Tuesday, December 17, 2024

John Fossey, 1943–2024

It is with great sadness that we report the passing of John Fossey, Professor Emeritus at McGill University, a Fellow of the Royal Society of Canada, and one of the founding members of the Canadian Institute in Greece. He passed away on December 1st.

John taught at McGill for over 30 years and helped to establish its program in Classical Archaeology. He conducted excavations in Greece and was first Canadian archaeologist to work on Greek diaspora sites in the region of the Black Sea, including fieldwork in Bulgaria and Georgia. A prolific scholar, John authored nine books, among which was The History of the Greek Diaspora: From Antiquity to Modern Times, and over 100 journal articles. He inspired a generation of scholars throughout his career.

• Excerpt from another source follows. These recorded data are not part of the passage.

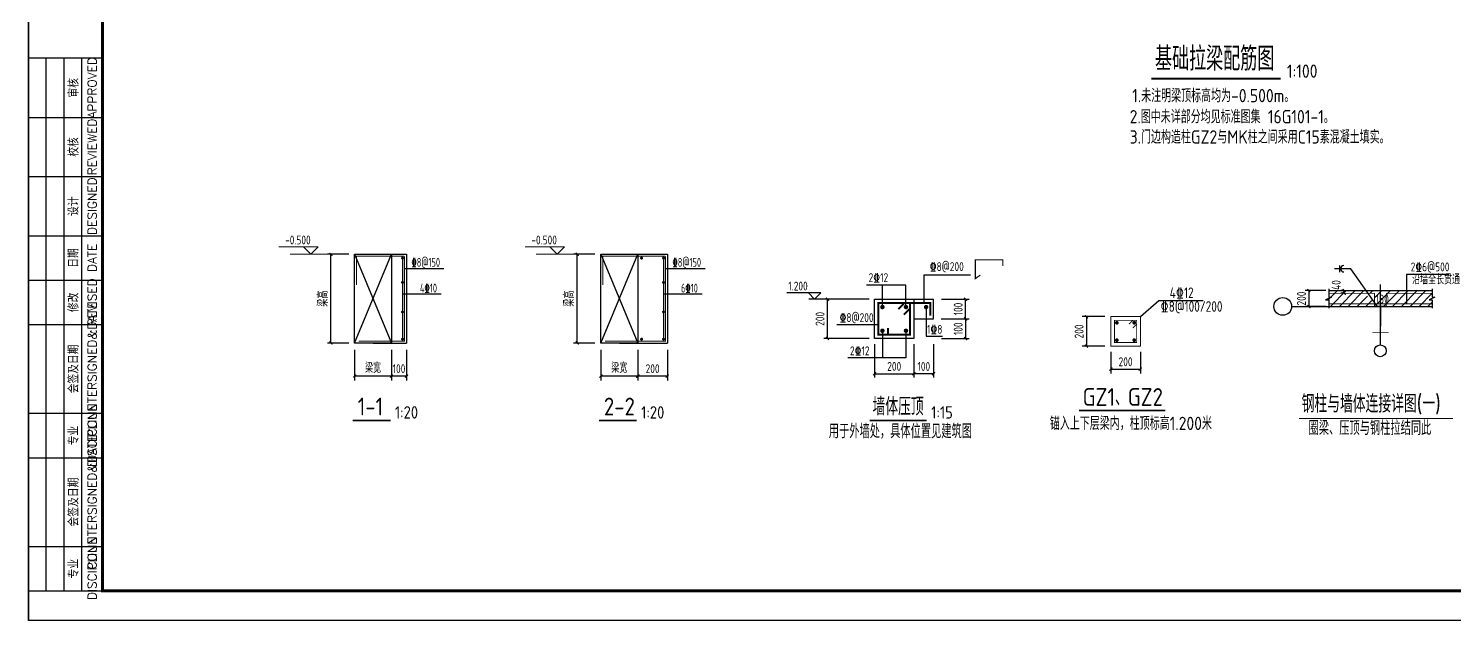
# Model space of a CAD drawing. Header units: millimetres. Extents: x 866561 to 876967, y 40200 to 44891.
# Drawn here: x 869400.5 to 869882.5, y 40201.4 to 40401.4 of the extents above; entities that cross this region are included whole.
import ezdxf
from ezdxf.enums import TextEntityAlignment as Align

# ---------------------------------------------------------------- set-up
doc = ezdxf.new("R2010")
doc.units = ezdxf.units.MM
doc.header["$LTSCALE"] = 1000
doc.header["$MEASUREMENT"] = 0
for name, pattern in [('2', [11.4, 9, -0.9, 0.6, -0.9]), ('4', [5, 1.5, -1, 1.5, -1]), ('DOTE', [2.42, 2, -0.2, 0.02, -0.2])]:
    doc.linetypes.add(name, pattern=pattern)
for name, color, linetype in [('120', 253, 'Continuous'), ('1500', 4, 'Continuous'), ('2', 3, 'Continuous'), ('21', 3, '4'), ('22', 1, 'Continuous'), ('DIM', 7, 'Continuous'), ('DIM_SYMB', 3, 'Continuous'), ('NUM', 7, 'Continuous'), ('PUB_TEXT', 7, 'Continuous'), ('REIN', 1, 'Continuous'), ('S-CO-ST', 2, 'Continuous'), ('文字', 7, 'Continuous'), ('标注', 7, 'Continuous'), ('梁', 4, 'Continuous'), ('梁集中标注', 2, 'Continuous'), ('水平标注', 2, 'Continuous'), ('独立基础', 2, 'Continuous'), ('轴线', 253, '2')]:
    doc.layers.add(name, color=color, linetype=linetype)
doc.layers.add('D3', color=62, linetype='Continuous', lineweight=9)
doc.layers.add('Z-柱大样外框', color=7, linetype='ByLayer', lineweight=18)
doc.styles.add('ECEC_TK', font='txt_l.shx', dxfattribs={"bigfont": 'hztxt_l.shx'})
doc.styles.add('GBHZ', font='gbenor.shx', dxfattribs={"width": 0.9, "bigfont": 'gbcbig.shx'})
doc.styles.add('TSSD_REIN', font='tssdeng.shx', dxfattribs={"width": 0.7, "bigfont": 'tssdchn.shx'})
doc.dimstyles.new('Y10', dxfattribs={"dimscale": 0, "dimtxt": 3, "dimasz": 0.01, "dimexe": 1.2, "dimexo": 1, "dimgap": 1, "dimtad": 1, "dimdec": 0, "dimlfac": 10, "dimzin": 0, "dimdsep": 46, "dimtxsty": 'GBHZ', "dimblk1": 'DX', "dimblk2": 'DX', "dimsah": 1, "dimcen": 0.09, "dimdle": 1, "dimadec": 0, "dimazin": 0, "dimtfac": 1, "dimtdec": 0, "dimtix": 1, "dimtmove": 2, "dimatfit": 3, "dimldrblk": 'DX', "dimfxl": 0, "dimtolj": 1, "dimtzin": 0, "dimarcsym": 0})
doc.dimstyles.new('Y100', dxfattribs={"dimscale": 0, "dimtxt": 3, "dimasz": 0.01, "dimexe": 1.2, "dimexo": 2, "dimgap": 1, "dimtad": 1, "dimdec": 0, "dimlfac": 100, "dimzin": 0, "dimdsep": 46, "dimtxsty": 'GBHZ', "dimblk": 'DX', "dimcen": 0.09, "dimdle": 1, "dimclrd": 7, "dimclre": 7, "dimclrt": 7, "dimadec": 0, "dimazin": 0, "dimtfac": 1, "dimtdec": 0, "dimtix": 1, "dimtmove": 2, "dimatfit": 3, "dimldrblk": 'DX', "dimfxl": 0, "dimtolj": 1, "dimtzin": 0, "dimarcsym": 0})
doc.dimstyles.new('Y15', dxfattribs={"dimscale": 0, "dimtxt": 3, "dimasz": 0.01, "dimexe": 1.2, "dimexo": 1, "dimgap": 1, "dimtad": 1, "dimdec": 0, "dimlfac": 15, "dimzin": 0, "dimdsep": 46, "dimtxsty": 'GBHZ', "dimblk1": 'DX', "dimblk2": 'DX', "dimsah": 1, "dimcen": 0.09, "dimdle": 1, "dimadec": 0, "dimazin": 0, "dimtfac": 1, "dimtdec": 0, "dimtix": 1, "dimtmove": 2, "dimatfit": 3, "dimldrblk": 'DX', "dimfxl": 0, "dimtolj": 1, "dimtzin": 0, "dimarcsym": 0})
doc.dimstyles.new('Y20', dxfattribs={"dimscale": 0, "dimtxt": 3, "dimasz": 0.01, "dimexe": 1.5, "dimexo": 0.03, "dimgap": 1, "dimtad": 1, "dimdec": 0, "dimlfac": 20, "dimzin": 0, "dimdsep": 46, "dimtxsty": 'GBHZ', "dimblk1": 'DX', "dimblk2": 'DX', "dimsah": 1, "dimcen": 0.09, "dimdle": 1, "dimadec": 0, "dimazin": 0, "dimtfac": 1, "dimtdec": 0, "dimtix": 1, "dimtmove": 2, "dimatfit": 3, "dimldrblk": 'DX', "dimfxl": 0, "dimtolj": 1, "dimtzin": 0, "dimarcsym": 0})

# ---------------------------------------------------------------- blocks, each defined once
blk = doc.blocks.new('DX')
at = {"color": 0, "linetype": 'ByBlock', "const_width": 40}
blk.add_lwpolyline([(-54, -51), (46, 49)], dxfattribs=at)
blk = doc.blocks.new('*D68')
at = {"layer": 'Defpoints', "color": 0}
for p in [(869686.44, 40295.74), (869699.77, 40295.74), (869699.77, 40284.71)]:
    blk.add_point(p, dxfattribs=at)
at = {"layer": 'dim', "color": 0, "lineweight": -2}
for p, q in [((869686.44, 40294.74), (869686.44, 40283.51)), ((869699.77, 40294.74), (869699.77, 40283.51)), ((869686.45, 40284.71), (869699.76, 40284.71))]:
    blk.add_line(p, q, dxfattribs=at)
at = {"layer": 'dim', "color": 0, "lineweight": -2, "xscale": 0.01, "yscale": 0.01, "zscale": 0.01, "rotation": 180}
blk.add_blockref('DX', (869686.44, 40284.71), dxfattribs=at)
at = {"layer": 'dim', "color": 0, "lineweight": -2, "xscale": 0.01, "yscale": 0.01, "zscale": 0.01}
blk.add_blockref('DX', (869699.77, 40284.71), dxfattribs=at)
at = {"layer": 'dim', "color": 0, "insert": (869693.11, 40287.21), "char_height": 3, "attachment_point": 5, "style": 'GBHZ'}
blk.add_mtext('\\A1;200', dxfattribs=at)
blk = doc.blocks.new('*D69')
at = {"layer": 'Defpoints', "color": 0}
for p in [(869670.54, 40309.93), (869685.59, 40309.93), (869685.59, 40296.6)]:
    blk.add_point(p, dxfattribs=at)
at = {"layer": 'dim', "color": 0, "lineweight": -2}
for p, q in [((869684.59, 40309.93), (869669.34, 40309.93)), ((869670.54, 40296.61), (869670.54, 40309.92)), ((869684.59, 40296.6), (869669.34, 40296.6))]:
    blk.add_line(p, q, dxfattribs=at)
at = {"layer": 'dim', "color": 0, "lineweight": -2, "xscale": 0.01, "yscale": 0.01, "zscale": 0.01}
for p, rotation in [((869670.54, 40309.93), 90), ((869670.54, 40296.6), 270)]:
    blk.add_blockref('DX', p, dxfattribs=dict(at, rotation=rotation))
at = {"layer": 'dim', "color": 0, "insert": (869668.04, 40303.27), "char_height": 3, "attachment_point": 5, "rotation": 90, "style": 'GBHZ'}
blk.add_mtext('\\A1;200', dxfattribs=at)
blk = doc.blocks.new('*D70')
at = {"layer": 'Defpoints', "color": 0}
for p in [(869699.77, 40295.74), (869706.44, 40295.74), (869699.77, 40284.71)]:
    blk.add_point(p, dxfattribs=at)
at = {"layer": 'dim', "color": 0, "lineweight": -2}
for p, q in [((869699.77, 40294.74), (869699.77, 40283.51)), ((869706.44, 40294.74), (869706.44, 40283.51)), ((869706.43, 40284.71), (869699.78, 40284.71))]:
    blk.add_line(p, q, dxfattribs=at)
at = {"layer": 'dim', "color": 0, "lineweight": -2, "xscale": 0.01, "yscale": 0.01, "zscale": 0.01, "rotation": 180}
blk.add_blockref('DX', (869699.77, 40284.71), dxfattribs=at)
at = {"layer": 'dim', "color": 0, "lineweight": -2, "xscale": 0.01, "yscale": 0.01, "zscale": 0.01}
blk.add_blockref('DX', (869706.44, 40284.71), dxfattribs=at)
at = {"layer": 'dim', "color": 0, "insert": (869703.11, 40287.21), "char_height": 3, "attachment_point": 5, "style": 'GBHZ'}
blk.add_mtext('\\A1;100', dxfattribs=at)
blk = doc.blocks.new('*D71')
at = {"layer": 'Defpoints', "color": 0}
for p in [(869708.03, 40303.27), (869708.05, 40296.6), (869717.23, 40296.6)]:
    blk.add_point(p, dxfattribs=at)
at = {"layer": 'dim', "color": 0, "lineweight": -2}
for p, q in [((869709.03, 40303.27), (869718.43, 40303.27)), ((869717.23, 40303.26), (869717.23, 40296.61)), ((869709.05, 40296.6), (869718.43, 40296.6))]:
    blk.add_line(p, q, dxfattribs=at)
at = {"layer": 'dim', "color": 0, "lineweight": -2, "xscale": 0.01, "yscale": 0.01, "zscale": 0.01}
for p, rotation in [((869717.23, 40303.27), 90), ((869717.23, 40296.6), 270)]:
    blk.add_blockref('DX', p, dxfattribs=dict(at, rotation=rotation))
at = {"layer": 'dim', "color": 0, "insert": (869714.73, 40299.93), "char_height": 3, "attachment_point": 5, "rotation": 90, "style": 'GBHZ'}
blk.add_mtext('\\A1;100', dxfattribs=at)
blk = doc.blocks.new('*D72')
at = {"layer": 'Defpoints', "color": 0}
for p in [(869708.04, 40309.93), (869717.23, 40309.93), (869708.03, 40303.27)]:
    blk.add_point(p, dxfattribs=at)
at = {"layer": 'dim', "color": 0, "lineweight": -2}
for p, q in [((869709.04, 40309.93), (869718.43, 40309.93)), ((869717.23, 40303.28), (869717.23, 40309.92)), ((869709.03, 40303.27), (869718.43, 40303.27))]:
    blk.add_line(p, q, dxfattribs=at)
at = {"layer": 'dim', "color": 0, "lineweight": -2, "xscale": 0.01, "yscale": 0.01, "zscale": 0.01}
for p, rotation in [((869717.23, 40309.93), 90), ((869717.23, 40303.27), 270)]:
    blk.add_blockref('DX', p, dxfattribs=dict(at, rotation=rotation))
at = {"layer": 'dim', "color": 0, "insert": (869714.73, 40306.6), "char_height": 3, "attachment_point": 5, "rotation": 90, "style": 'GBHZ'}
blk.add_mtext('\\A1;100', dxfattribs=at)
blk = doc.blocks.new('*D60')
at = {"layer": 'Defpoints', "color": 0}
for p in [(869839.96, 40312.81), (869833.25, 40307.47), (869839.96, 40307.47)]:
    blk.add_point(p, dxfattribs=at)
at = {"layer": 'dim', "color": 0, "lineweight": -2}
for p, q in [((869838.96, 40312.81), (869832.05, 40312.81)), ((869833.25, 40312.82), (869833.25, 40312.83)), ((869833.25, 40312.81), (869833.25, 40307.47)), ((869838.96, 40307.47), (869832.05, 40307.47)), ((869833.25, 40307.46), (869833.25, 40307.45))]:
    blk.add_line(p, q, dxfattribs=at)
at = {"layer": 'dim', "color": 0, "lineweight": -2, "xscale": 0.01, "yscale": 0.01, "zscale": 0.01}
for p, rotation in [((869833.25, 40312.81), 270), ((869833.25, 40307.47), 90)]:
    blk.add_blockref('DX', p, dxfattribs=dict(at, rotation=rotation))
at = {"layer": 'dim', "color": 0, "insert": (869830.75, 40310.14), "char_height": 3, "attachment_point": 5, "rotation": 90, "style": 'GBHZ'}
blk.add_mtext('\\A1;200', dxfattribs=at)
blk = doc.blocks.new('*D61')
at = {"layer": 'Defpoints', "color": 0}
for p in [(869845.21, 40312.81), (869845.85, 40312.81), (869845.85, 40311.92)]:
    blk.add_point(p, dxfattribs=at)
at = {"layer": 'dim', "color": 0, "lineweight": -2}
for p, q in [((869844.85, 40312.81), (869844.01, 40312.81)), ((869844.85, 40311.92), (869844.01, 40311.92)), ((869845.21, 40312.82), (869845.21, 40312.83)), ((869845.21, 40311.92), (869845.21, 40312.81)), ((869845.21, 40311.91), (869845.21, 40311.9))]:
    blk.add_line(p, q, dxfattribs=at)
at = {"layer": 'dim', "color": 0, "lineweight": -2, "xscale": 0.01, "yscale": 0.01, "zscale": 0.01}
for p, rotation in [((869845.21, 40312.81), 270), ((869845.21, 40311.92), 90)]:
    blk.add_blockref('DX', p, dxfattribs=dict(at, rotation=rotation))
at = {"layer": 'dim', "color": 0, "insert": (869842.49, 40314.7), "char_height": 3, "attachment_point": 5, "rotation": 90, "style": 'GBHZ'}
blk.add_mtext('\\A1;40', dxfattribs=at)
blk = doc.blocks.new('*D63')
at = {"layer": 'Defpoints', "color": 0}
for p in [(869764.34, 40304.02), (869758.09, 40294.02), (869764.34, 40294.02)]:
    blk.add_point(p, dxfattribs=at)
at = {"layer": 'dim', "color": 0, "lineweight": -2}
for p, q in [((869764.31, 40304.02), (869756.59, 40304.02)), ((869758.09, 40304.01), (869758.09, 40294.03)), ((869764.31, 40294.02), (869756.59, 40294.02))]:
    blk.add_line(p, q, dxfattribs=at)
at = {"layer": 'dim', "color": 0, "lineweight": -2, "xscale": 0.01, "yscale": 0.01, "zscale": 0.01}
for p, rotation in [((869758.09, 40304.02), 90), ((869758.09, 40294.02), 270)]:
    blk.add_blockref('DX', p, dxfattribs=dict(at, rotation=rotation))
at = {"layer": 'dim', "color": 0, "insert": (869755.59, 40299.02), "char_height": 3, "attachment_point": 5, "rotation": 90, "style": 'GBHZ'}
blk.add_mtext('\\A1;200', dxfattribs=at)
blk = doc.blocks.new('*D64')
at = {"layer": 'Defpoints', "color": 0}
for p in [(869766.3, 40292.15), (869776.3, 40292.15), (869776.3, 40286.28)]:
    blk.add_point(p, dxfattribs=at)
at = {"layer": 'dim', "color": 0, "lineweight": -2}
for p, q in [((869766.3, 40292.12), (869766.3, 40284.78)), ((869776.3, 40292.12), (869776.3, 40284.78)), ((869766.31, 40286.28), (869776.29, 40286.28))]:
    blk.add_line(p, q, dxfattribs=at)
at = {"layer": 'dim', "color": 0, "lineweight": -2, "xscale": 0.01, "yscale": 0.01, "zscale": 0.01, "rotation": 180}
blk.add_blockref('DX', (869766.3, 40286.28), dxfattribs=at)
at = {"layer": 'dim', "color": 0, "lineweight": -2, "xscale": 0.01, "yscale": 0.01, "zscale": 0.01}
blk.add_blockref('DX', (869776.3, 40286.28), dxfattribs=at)
at = {"layer": 'dim', "color": 0, "insert": (869771.3, 40288.78), "char_height": 3, "attachment_point": 5, "style": 'GBHZ'}
blk.add_mtext('\\A1;200', dxfattribs=at)
blk = doc.blocks.new('*D21')
at = {"layer": 'Defpoints', "color": 0, "transparency": 16777216}
for p in [(869523.23, 40292.8), (869528.23, 40292.8), (869523.23, 40283.93)]:
    blk.add_point(p, dxfattribs=at)
at = {"layer": 'dim', "color": 0, "lineweight": -2, "transparency": 16777216}
for p, q in [((869523.23, 40292.77), (869523.23, 40282.43)), ((869528.23, 40292.77), (869528.23, 40282.43)), ((869523.22, 40283.93), (869523.21, 40283.93)), ((869528.23, 40283.93), (869523.23, 40283.93)), ((869528.24, 40283.93), (869528.25, 40283.93))]:
    blk.add_line(p, q, dxfattribs=at)
at = {"layer": 'dim', "color": 0, "lineweight": -2, "transparency": 16777216, "xscale": 0.01, "yscale": 0.01, "zscale": 0.01}
blk.add_blockref('DX', (869523.23, 40283.93), dxfattribs=at)
at = {"layer": 'dim', "color": 0, "lineweight": -2, "transparency": 16777216, "xscale": 0.01, "yscale": 0.01, "zscale": 0.01, "rotation": 180}
blk.add_blockref('DX', (869528.23, 40283.93), dxfattribs=at)
at = {"layer": 'dim', "color": 0, "transparency": 16777216, "insert": (869525.73, 40286.43), "char_height": 3, "attachment_point": 5, "style": 'GBHZ'}
blk.add_mtext('\\A1;100', dxfattribs=at)
blk = doc.blocks.new('*D22')
at = {"layer": 'Defpoints', "color": 0, "transparency": 16777216}
for p in [(869510.73, 40292.8), (869523.23, 40292.8), (869510.73, 40283.93)]:
    blk.add_point(p, dxfattribs=at)
at = {"layer": 'dim', "color": 0, "lineweight": -2, "transparency": 16777216}
for p, q in [((869510.73, 40292.77), (869510.73, 40282.43)), ((869523.23, 40292.77), (869523.23, 40282.43)), ((869523.22, 40283.93), (869510.74, 40283.93))]:
    blk.add_line(p, q, dxfattribs=at)
at = {"layer": 'dim', "color": 0, "lineweight": -2, "transparency": 16777216, "xscale": 0.01, "yscale": 0.01, "zscale": 0.01, "rotation": 180}
blk.add_blockref('DX', (869510.73, 40283.93), dxfattribs=at)
at = {"layer": 'dim', "color": 0, "lineweight": -2, "transparency": 16777216, "xscale": 0.01, "yscale": 0.01, "zscale": 0.01}
blk.add_blockref('DX', (869523.23, 40283.93), dxfattribs=at)
at = {"layer": 'dim', "color": 0, "transparency": 16777216, "insert": (869516.98, 40286.53), "char_height": 3, "attachment_point": 5, "style": 'GBHZ'}
blk.add_mtext('\\A1;梁宽', dxfattribs=at)
blk = doc.blocks.new('*D23')
at = {"layer": 'Defpoints', "color": 0, "transparency": 16777216}
for p in [(869502.75, 40325.11), (869510.73, 40325.11), (869510.73, 40295.11)]:
    blk.add_point(p, dxfattribs=at)
at = {"layer": '标注', "color": 7, "lineweight": -2, "transparency": 16777216}
for p, q in [((869508.73, 40325.11), (869501.55, 40325.11)), ((869502.75, 40295.12), (869502.75, 40325.1)), ((869508.73, 40295.11), (869501.55, 40295.11))]:
    blk.add_line(p, q, dxfattribs=at)
at = {"layer": '标注', "color": 7, "lineweight": -2, "transparency": 16777216, "xscale": 0.01, "yscale": 0.01, "zscale": 0.01}
for p, rotation in [((869502.75, 40325.11), 90), ((869502.75, 40295.11), 270)]:
    blk.add_blockref('DX', p, dxfattribs=dict(at, rotation=rotation))
at = {"layer": '标注', "color": 7, "transparency": 16777216, "insert": (869500.17, 40310.11), "char_height": 3, "attachment_point": 5, "rotation": 90, "style": 'GBHZ'}
blk.add_mtext('\\A1;梁高', dxfattribs=at)
blk = doc.blocks.new('*D1124')
at = {"layer": 'Defpoints', "color": 0}
for p in [(869606.45, 40292.8), (869616.45, 40292.8), (869606.45, 40283.93)]:
    blk.add_point(p, dxfattribs=at)
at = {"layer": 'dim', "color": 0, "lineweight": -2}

During meetings and discussions in the early 1970s, John was one of the key individuals who helped found the Canadian Institute in Greece (originally called the Canadian Archaeological Institute at Athens). Along with Bob Buck from the University of Alberta, John lobbied other archaeological organizations in Canada and the first report of a new institute being founded that would focus on Greece occurred at the November 1973 general meeting of the Canadian Society for Archaeology and Abroad (an organization for which John had also served as President). Approval of the new Institute as a legal entity in Canada occurred in 1974. Lobbying continued and John and his colleagues helped Canada establish a "foreign archaeological school" in Greece on February 12, 1976. John served as the first President of the Board of this new Institute and also its first Director, until 1979.

Part of John’s motivation for establishing a Canadian institute in Greece was the difficulties he and other Canadian researchers were having in obtaining fieldwork permits in the early 1970s. In 1972, John excavated at Lake Vouliagmeni on the Perachora peninsula under the aegis of the British School at Athens. The BSA did not offer a permit for this work to continue in 1973. Another of the founding members of the CIG, John Desmarais, reported that John was so incensed by this outcome, he vowed to create a Canadian institute.

John continued to support the CIG throughout his life and made large donations of books to our library, most recently in 2020. The CIG owes a great debt to John for his tireless work in helping to establish a new foreign archaeological school in Athens and for working to ensure that fieldwork permits would be available to Canadian archaeologists working in Greece. Without him, we would not be here today.

We offer our utmost condolences to John’s children, Jean-Paul, Myrtis, and Pauline, and the rest of his family. And we offer our most sincere thanks to John for everything he did to help establish the CIG.